§ EXERCISE BRIEF:
Where the data below has the string "ezdxf", return the whole line.

** RECORDS SHOWN follows **

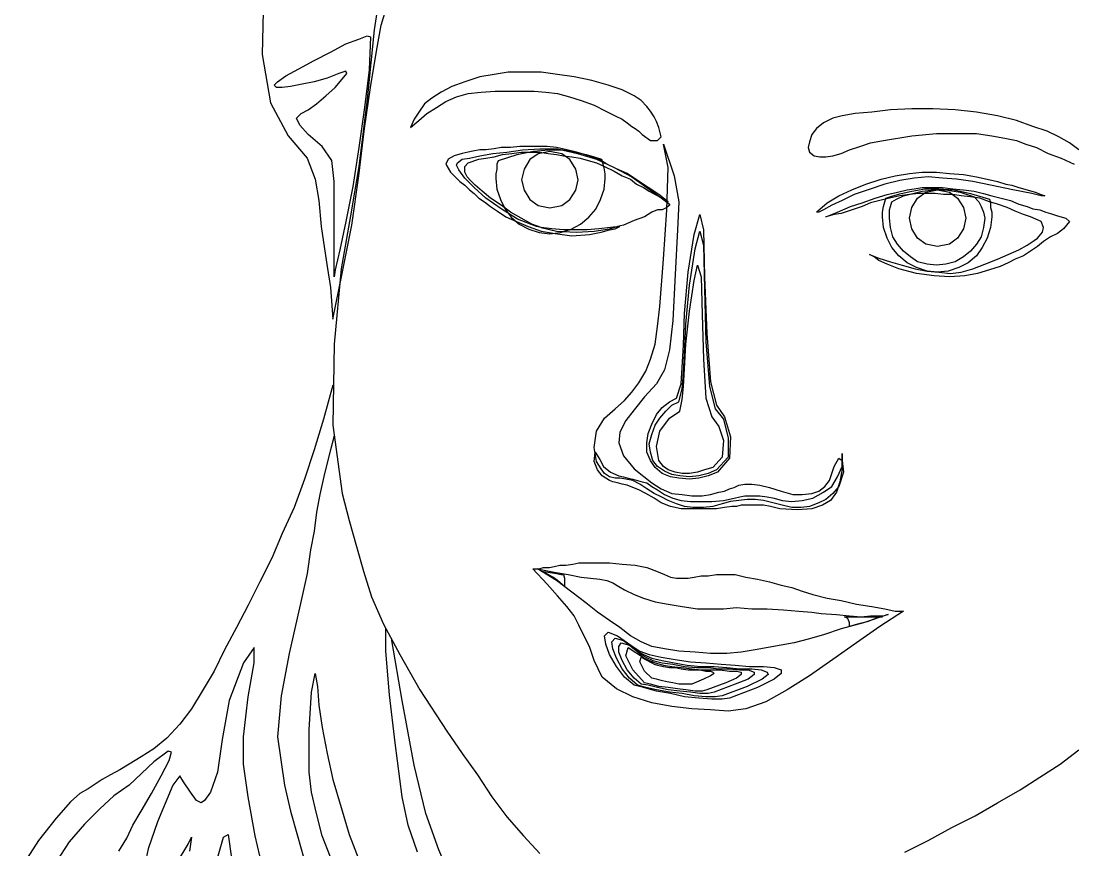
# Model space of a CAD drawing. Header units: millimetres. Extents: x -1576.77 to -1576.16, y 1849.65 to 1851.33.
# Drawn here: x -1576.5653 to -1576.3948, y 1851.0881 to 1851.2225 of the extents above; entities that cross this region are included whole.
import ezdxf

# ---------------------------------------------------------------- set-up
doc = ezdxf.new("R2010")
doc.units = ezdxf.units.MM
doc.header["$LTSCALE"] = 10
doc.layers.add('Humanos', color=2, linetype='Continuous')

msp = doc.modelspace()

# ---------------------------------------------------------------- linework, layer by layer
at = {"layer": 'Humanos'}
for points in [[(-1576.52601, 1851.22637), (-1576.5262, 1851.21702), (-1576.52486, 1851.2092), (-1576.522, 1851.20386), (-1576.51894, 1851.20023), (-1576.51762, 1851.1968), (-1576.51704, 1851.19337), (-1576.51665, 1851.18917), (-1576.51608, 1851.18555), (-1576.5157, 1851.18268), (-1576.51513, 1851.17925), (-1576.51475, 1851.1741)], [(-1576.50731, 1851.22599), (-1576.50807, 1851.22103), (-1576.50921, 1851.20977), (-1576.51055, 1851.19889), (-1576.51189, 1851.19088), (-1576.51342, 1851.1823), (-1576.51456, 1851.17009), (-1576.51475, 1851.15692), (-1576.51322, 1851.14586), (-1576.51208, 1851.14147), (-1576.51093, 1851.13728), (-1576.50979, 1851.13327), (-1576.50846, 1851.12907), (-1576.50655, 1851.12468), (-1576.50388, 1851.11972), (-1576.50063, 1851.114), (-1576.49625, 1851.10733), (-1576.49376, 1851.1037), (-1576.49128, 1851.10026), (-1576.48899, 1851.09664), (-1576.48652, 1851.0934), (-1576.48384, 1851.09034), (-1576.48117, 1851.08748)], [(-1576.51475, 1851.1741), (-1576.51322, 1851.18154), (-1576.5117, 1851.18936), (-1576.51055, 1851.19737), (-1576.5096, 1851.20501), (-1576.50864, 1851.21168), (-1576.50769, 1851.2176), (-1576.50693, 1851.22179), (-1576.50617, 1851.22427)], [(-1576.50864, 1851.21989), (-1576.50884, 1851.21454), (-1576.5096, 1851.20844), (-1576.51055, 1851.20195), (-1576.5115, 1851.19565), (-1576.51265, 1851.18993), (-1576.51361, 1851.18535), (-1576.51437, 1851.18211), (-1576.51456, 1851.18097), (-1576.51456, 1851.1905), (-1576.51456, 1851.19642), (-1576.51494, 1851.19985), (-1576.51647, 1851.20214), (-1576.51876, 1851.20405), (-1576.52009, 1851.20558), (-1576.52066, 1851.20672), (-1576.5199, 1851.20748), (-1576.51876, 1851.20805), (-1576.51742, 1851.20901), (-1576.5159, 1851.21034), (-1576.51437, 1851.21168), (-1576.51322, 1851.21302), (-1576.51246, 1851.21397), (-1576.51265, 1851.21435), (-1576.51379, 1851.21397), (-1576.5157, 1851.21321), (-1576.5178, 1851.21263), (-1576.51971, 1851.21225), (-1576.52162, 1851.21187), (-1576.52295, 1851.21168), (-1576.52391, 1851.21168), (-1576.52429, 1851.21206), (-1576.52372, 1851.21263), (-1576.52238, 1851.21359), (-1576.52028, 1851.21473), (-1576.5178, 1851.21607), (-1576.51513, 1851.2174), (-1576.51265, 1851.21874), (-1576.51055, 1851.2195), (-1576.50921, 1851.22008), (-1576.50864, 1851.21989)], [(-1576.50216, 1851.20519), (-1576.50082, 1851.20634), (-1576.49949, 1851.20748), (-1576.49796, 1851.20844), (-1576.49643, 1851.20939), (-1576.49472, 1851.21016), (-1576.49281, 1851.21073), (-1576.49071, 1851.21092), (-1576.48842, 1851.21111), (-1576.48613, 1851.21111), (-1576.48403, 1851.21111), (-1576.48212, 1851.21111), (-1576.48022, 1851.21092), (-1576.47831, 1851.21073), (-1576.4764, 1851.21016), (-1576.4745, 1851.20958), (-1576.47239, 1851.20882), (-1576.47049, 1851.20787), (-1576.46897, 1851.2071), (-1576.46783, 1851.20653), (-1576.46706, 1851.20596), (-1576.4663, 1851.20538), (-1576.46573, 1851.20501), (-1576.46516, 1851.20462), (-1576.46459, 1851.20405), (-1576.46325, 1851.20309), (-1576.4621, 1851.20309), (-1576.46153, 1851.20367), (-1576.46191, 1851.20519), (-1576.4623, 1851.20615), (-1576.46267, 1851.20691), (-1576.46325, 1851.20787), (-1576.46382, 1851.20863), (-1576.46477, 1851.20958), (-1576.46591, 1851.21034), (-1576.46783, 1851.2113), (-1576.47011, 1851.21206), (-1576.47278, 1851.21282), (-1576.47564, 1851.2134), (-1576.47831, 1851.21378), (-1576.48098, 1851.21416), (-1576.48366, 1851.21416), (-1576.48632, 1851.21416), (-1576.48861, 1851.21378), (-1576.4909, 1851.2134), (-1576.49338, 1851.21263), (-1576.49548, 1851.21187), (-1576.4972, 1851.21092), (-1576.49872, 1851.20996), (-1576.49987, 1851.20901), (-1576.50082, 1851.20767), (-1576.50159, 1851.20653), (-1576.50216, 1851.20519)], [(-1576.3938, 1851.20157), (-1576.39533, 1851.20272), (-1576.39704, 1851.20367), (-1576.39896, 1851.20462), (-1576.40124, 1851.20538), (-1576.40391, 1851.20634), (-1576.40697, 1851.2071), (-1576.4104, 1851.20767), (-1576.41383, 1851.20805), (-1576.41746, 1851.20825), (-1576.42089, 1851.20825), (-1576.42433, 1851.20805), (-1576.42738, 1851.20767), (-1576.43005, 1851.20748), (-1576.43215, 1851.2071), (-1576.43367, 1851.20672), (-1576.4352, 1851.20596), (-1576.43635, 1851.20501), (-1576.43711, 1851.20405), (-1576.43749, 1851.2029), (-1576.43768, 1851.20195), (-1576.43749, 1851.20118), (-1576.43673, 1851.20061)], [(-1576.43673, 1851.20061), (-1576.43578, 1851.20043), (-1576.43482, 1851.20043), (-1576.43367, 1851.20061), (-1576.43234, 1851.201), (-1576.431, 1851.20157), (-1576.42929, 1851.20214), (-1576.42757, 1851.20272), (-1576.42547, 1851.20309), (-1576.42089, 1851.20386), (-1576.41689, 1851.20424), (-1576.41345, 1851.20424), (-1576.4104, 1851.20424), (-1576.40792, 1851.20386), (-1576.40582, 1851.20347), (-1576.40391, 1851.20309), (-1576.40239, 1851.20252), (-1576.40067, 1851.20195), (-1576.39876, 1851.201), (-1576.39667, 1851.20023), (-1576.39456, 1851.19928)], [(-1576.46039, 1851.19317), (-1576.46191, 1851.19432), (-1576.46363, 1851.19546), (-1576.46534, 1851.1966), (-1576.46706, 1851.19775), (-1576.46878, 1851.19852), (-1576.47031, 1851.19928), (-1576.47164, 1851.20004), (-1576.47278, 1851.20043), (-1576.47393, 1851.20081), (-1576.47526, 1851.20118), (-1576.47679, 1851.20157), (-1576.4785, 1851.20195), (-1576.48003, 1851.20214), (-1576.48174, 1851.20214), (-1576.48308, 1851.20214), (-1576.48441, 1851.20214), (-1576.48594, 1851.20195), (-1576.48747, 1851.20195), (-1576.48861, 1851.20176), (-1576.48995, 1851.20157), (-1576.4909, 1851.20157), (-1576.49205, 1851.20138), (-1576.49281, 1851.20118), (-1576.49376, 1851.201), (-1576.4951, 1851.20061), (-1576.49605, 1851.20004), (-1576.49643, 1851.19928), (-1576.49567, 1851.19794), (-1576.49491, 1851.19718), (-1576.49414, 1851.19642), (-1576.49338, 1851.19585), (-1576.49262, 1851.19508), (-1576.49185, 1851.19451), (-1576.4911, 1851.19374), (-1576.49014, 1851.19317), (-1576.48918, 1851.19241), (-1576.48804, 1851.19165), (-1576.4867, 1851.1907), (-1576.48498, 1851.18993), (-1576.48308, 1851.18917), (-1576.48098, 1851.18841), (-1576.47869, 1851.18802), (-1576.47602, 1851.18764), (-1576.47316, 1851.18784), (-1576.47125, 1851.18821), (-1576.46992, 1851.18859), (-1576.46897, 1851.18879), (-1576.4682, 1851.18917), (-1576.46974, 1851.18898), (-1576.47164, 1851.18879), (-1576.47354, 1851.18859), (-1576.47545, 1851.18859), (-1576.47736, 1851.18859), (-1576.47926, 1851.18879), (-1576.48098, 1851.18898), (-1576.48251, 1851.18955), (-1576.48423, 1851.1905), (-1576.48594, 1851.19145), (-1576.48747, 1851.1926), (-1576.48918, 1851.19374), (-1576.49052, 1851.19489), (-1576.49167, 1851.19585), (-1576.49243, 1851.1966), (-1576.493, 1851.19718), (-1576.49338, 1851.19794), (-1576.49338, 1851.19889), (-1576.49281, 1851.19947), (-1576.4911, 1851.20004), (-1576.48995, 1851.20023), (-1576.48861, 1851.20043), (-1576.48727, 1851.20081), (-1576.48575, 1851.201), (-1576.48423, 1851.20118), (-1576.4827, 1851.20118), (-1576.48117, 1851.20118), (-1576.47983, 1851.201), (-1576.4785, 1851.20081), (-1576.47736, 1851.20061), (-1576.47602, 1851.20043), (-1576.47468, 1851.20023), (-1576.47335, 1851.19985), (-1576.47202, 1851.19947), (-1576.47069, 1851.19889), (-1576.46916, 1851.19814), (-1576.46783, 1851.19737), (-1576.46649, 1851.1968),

** End of RECORDS SHOWN **

§ FINISHED EXERCISE:
import ezdxf
doc = ezdxf.new("R2010")
doc.units = ezdxf.units.MM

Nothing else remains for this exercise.